• _GOAL OF THE EXERCISE_: Every line below that holds the string "circuitry" should be copied.

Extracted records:
-=-=-

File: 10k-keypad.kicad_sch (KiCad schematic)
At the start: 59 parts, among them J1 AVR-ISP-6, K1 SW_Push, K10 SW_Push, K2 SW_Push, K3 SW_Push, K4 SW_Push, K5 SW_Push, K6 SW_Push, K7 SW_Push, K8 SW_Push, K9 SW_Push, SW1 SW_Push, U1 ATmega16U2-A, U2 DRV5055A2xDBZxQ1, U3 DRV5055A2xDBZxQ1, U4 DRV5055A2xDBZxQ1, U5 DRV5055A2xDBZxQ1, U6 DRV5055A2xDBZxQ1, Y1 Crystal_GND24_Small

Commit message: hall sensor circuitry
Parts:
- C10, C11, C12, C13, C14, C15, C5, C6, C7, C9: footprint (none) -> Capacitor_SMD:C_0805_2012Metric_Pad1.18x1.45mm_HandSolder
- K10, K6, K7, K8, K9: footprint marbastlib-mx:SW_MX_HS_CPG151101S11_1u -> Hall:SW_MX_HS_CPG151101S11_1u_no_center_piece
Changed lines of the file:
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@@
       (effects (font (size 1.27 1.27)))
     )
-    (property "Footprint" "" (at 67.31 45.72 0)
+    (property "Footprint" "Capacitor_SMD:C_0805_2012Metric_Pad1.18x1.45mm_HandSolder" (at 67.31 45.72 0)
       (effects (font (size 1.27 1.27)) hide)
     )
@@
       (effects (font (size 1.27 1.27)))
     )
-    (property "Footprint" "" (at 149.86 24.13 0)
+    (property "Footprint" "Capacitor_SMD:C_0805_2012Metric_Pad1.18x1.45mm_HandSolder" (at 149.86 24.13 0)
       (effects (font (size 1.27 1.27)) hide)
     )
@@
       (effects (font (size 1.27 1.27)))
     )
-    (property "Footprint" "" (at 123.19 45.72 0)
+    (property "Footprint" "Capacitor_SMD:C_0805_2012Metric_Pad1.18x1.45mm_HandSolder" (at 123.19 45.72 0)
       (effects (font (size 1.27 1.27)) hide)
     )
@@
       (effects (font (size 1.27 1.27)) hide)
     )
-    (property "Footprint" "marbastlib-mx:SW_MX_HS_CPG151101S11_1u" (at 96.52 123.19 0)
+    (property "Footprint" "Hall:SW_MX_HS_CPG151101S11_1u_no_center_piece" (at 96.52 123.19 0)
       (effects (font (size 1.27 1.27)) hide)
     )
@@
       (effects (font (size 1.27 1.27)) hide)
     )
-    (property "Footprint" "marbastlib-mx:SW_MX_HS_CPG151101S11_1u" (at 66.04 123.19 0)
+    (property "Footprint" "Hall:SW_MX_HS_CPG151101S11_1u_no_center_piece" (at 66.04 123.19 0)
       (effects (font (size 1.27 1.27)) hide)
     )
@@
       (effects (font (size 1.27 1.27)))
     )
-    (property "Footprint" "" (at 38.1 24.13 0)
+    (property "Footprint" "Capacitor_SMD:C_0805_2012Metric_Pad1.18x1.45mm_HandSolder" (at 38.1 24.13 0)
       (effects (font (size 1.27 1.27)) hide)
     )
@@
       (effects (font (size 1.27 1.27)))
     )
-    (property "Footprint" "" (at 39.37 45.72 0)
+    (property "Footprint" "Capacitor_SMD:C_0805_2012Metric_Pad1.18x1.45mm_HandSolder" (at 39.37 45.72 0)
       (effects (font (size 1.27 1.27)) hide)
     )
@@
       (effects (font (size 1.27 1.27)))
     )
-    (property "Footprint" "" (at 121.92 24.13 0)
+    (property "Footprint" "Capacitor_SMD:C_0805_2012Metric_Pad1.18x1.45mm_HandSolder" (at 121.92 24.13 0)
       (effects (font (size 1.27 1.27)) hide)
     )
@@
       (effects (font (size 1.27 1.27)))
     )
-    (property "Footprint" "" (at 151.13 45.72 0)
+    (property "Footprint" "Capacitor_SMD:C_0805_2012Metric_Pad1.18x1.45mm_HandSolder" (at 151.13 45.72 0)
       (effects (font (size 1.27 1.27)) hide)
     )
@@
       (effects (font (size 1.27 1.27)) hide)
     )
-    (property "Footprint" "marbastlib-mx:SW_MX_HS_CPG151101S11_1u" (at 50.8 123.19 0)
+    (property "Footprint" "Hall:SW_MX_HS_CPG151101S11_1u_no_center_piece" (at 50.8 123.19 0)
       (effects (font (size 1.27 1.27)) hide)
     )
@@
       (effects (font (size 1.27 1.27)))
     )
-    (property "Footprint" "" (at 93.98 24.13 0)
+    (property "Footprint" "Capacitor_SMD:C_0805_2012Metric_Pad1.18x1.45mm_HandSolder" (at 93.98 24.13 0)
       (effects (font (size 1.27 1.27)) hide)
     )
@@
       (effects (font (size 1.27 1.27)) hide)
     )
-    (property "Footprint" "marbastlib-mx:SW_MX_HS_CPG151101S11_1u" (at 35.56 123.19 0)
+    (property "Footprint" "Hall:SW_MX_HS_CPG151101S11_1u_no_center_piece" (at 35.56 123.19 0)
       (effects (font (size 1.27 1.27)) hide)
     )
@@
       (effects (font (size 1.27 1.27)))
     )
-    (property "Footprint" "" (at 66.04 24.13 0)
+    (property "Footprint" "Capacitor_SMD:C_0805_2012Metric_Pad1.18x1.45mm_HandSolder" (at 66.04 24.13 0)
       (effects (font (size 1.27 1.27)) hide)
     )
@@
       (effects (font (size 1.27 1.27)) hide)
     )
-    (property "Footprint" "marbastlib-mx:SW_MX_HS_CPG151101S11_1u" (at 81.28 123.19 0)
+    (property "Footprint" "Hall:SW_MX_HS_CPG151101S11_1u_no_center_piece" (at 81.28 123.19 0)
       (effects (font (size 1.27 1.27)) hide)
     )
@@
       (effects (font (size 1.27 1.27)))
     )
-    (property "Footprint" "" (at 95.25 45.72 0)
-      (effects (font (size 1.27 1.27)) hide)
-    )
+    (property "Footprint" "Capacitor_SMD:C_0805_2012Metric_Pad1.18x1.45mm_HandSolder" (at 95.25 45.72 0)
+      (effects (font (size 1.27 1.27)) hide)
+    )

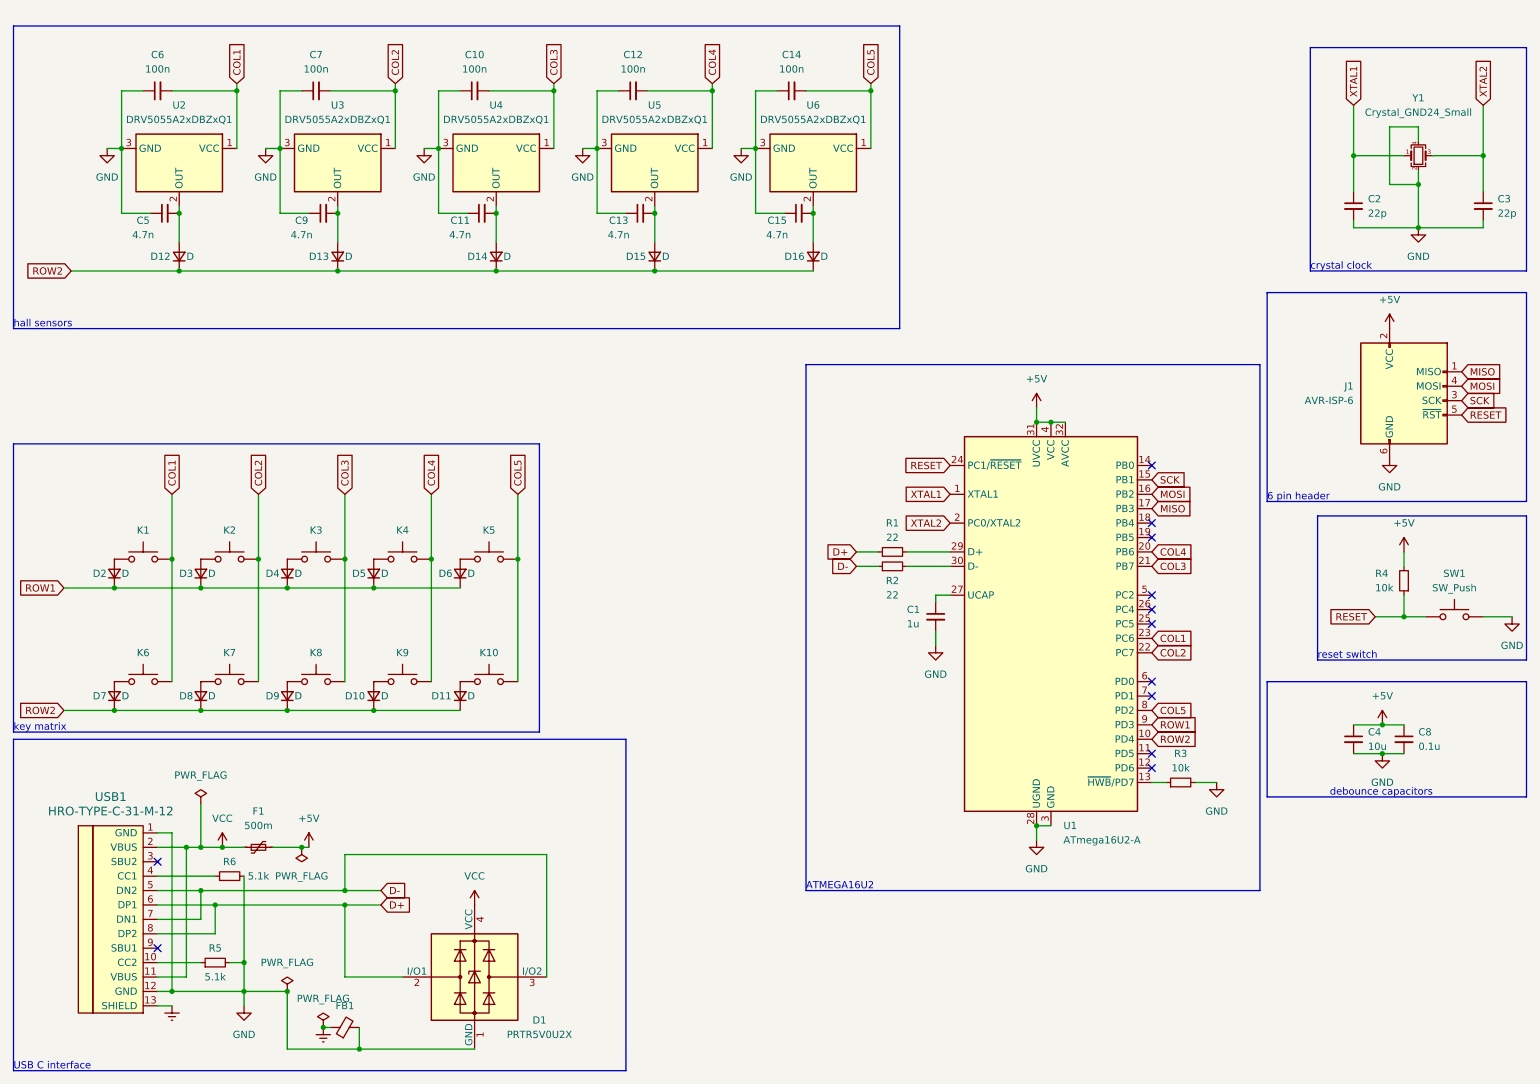
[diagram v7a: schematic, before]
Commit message: fix hall sensor circuitry
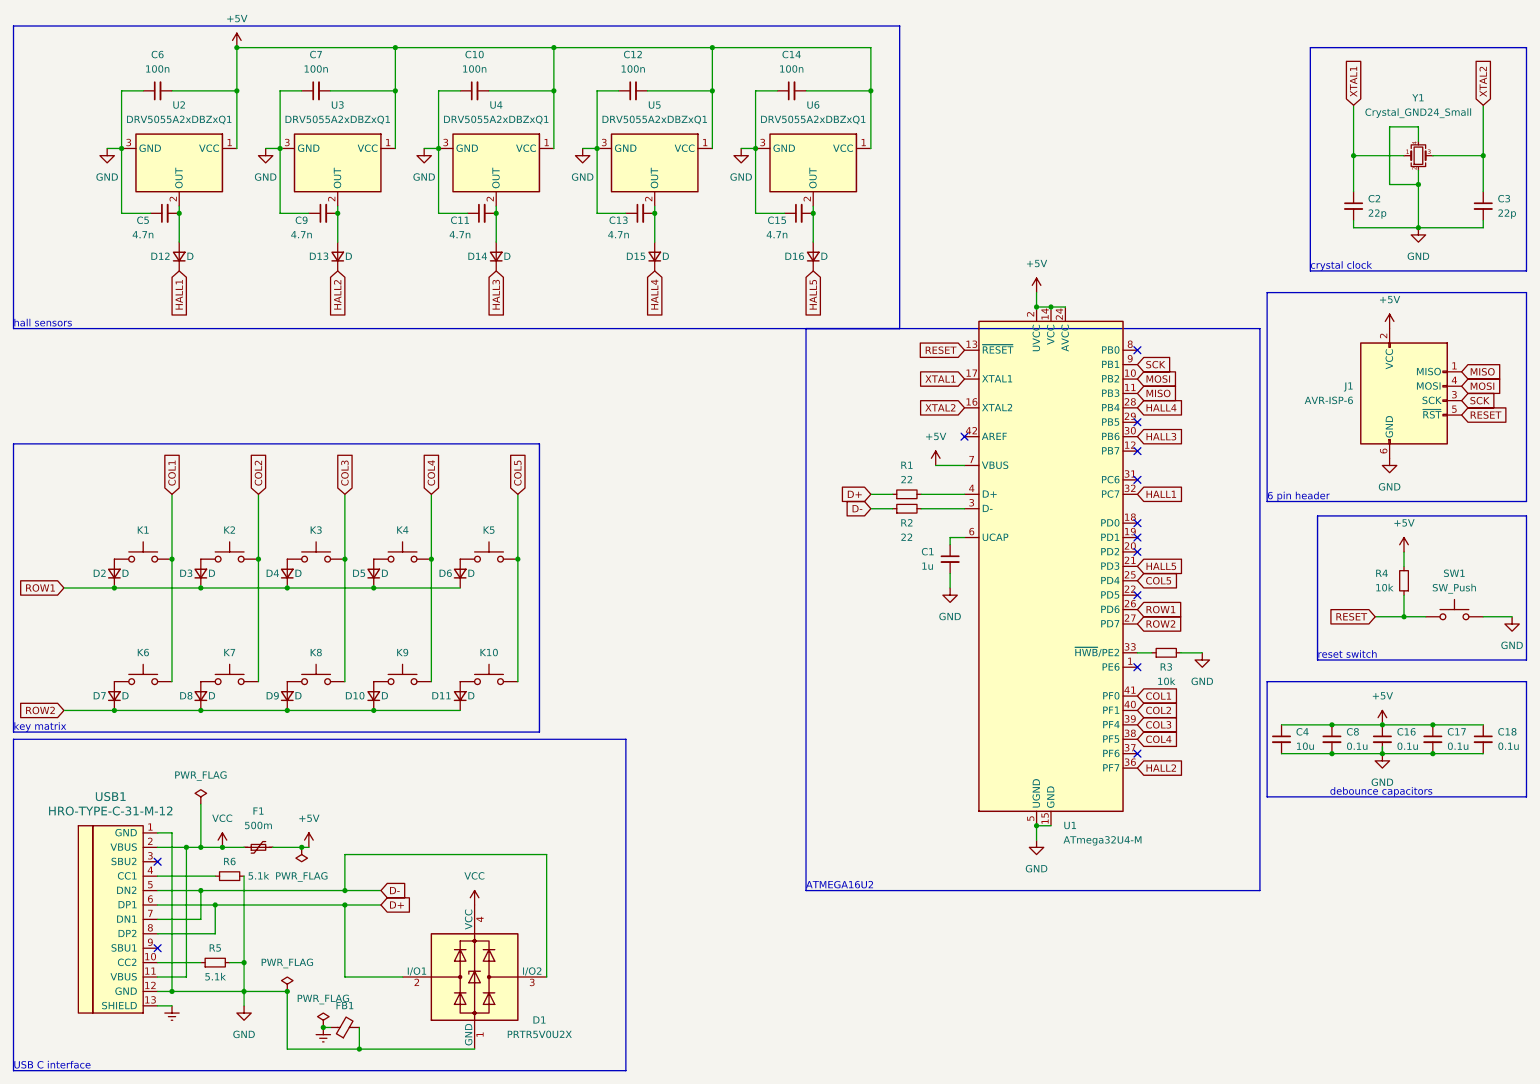
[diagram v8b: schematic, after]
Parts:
- added C16, C17, C18: 0.1u, Capacitor_SMD:C_0805_2012Metric_Pad1.18x1.45mm_HandSolder, symbol Device:C_Small
- U1: value ATmega16U2-A -> ATmega32U4-M; footprint Package_QFP:TQFP-32_7x7mm_P0.8mm -> Package_DFN_QFN:QFN-44-1EP_7x7mm_P0.5mm_EP5.2x5.2mm; symbol MCU_Microchip_ATmega:ATmega16U2-A -> MCU_Microchip_ATmega:ATmega32U4-M
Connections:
- net +5V: now also C10.2, C12.2, C14.2, C6.2, C7.2, U1.14 (VCC), U1.2 (UVCC), U1.24 (AVCC), U1.34 (VCC), U1.44 (AVCC), U1.7 (VBUS), U2.1 (VCC), U3.1 (VCC), U4.1 (VCC), U5.1 (VCC), U6.1 (VCC), C16.1, C17.1, C18.1; no longer U1.31 (UVCC), U1.32 (AVCC), U1.4 (VCC)
- net COL1: now also U1.41 (PF0); no longer C6.2, U1.23 (PC6), U2.1 (VCC)
- net COL2: now also U1.40 (PF1); no longer C7.2, U1.22 (PC7), U3.1 (VCC)
- net COL3: now also U1.39 (PF4); no longer C10.2, U1.21 (PB7), U4.1 (VCC)
- net COL4: now also U1.38 (PF5); no longer C12.2, U1.20 (PB6), U5.1 (VCC)
- net COL5: now also U1.25 (PD4); no longer C14.2, U1.8 (PD2), U6.1 (VCC)
- net GND: now also U1.15 (GND), U1.23 (GND), U1.35 (GND), U1.43 (GND), U1.45 (GND), U1.5 (UGND), C16.2, C17.2, C18.2; no longer U1.28 (UGND), U1.3 (GND)
- net MISO: now also U1.11 (PB3); no longer U1.17 (PB3)
- net MOSI: now also U1.10 (PB2); no longer U1.16 (PB2)
- net RESET: now also U1.13 (~{RESET}); no longer U1.24 (PC1/~{RESET})
- net ROW1: now also U1.26 (PD6); no longer U1.9 (PD3)
- net ROW2: now also U1.27 (PD7); no longer D12.1 (K), D13.1 (K), D14.1 (K), D15.1 (K), D16.1 (K), U1.10 (PD4)
- net SCK: now also U1.9 (PB1); no longer U1.15 (PB1)
- net XTAL1: now also U1.17 (XTAL1); no longer U1.1 (XTAL1)
- net XTAL2: now also U1.16 (XTAL2); no longer U1.2 (PC0/XTAL2)
- net at R3.1: now also U1.33 (~{HWB}/PE2); no longer U1.13 (~{HWB}/PD7)
- net at R1.2: now also U1.4 (D+); no longer U1.29 (D+)
- net at C1.1: now also U1.6 (UCAP); no longer U1.27 (UCAP)
- net at R2.2: now also U1.3 (D-); no longer U1.30 (D-)
- new net HALL1: D12.1 (K), U1.32 (PC7)
- new net HALL2: D13.1 (K), U1.36 (PF7)
- new net HALL3: D14.1 (K), U1.30 (PB6)
- new net HALL4: D15.1 (K), U1.28 (PB4)
- new net HALL5: D16.1 (K), U1.21 (PD3)
- no-connect marks 12 -> 13
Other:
- moved on the sheet: C1, C4, C8, R1, R2, R3

-=-=-

• _PROBLEM SOLUTION_:
Commit message: hall sensor circuitry
Commit message: fix hall sensor circuitry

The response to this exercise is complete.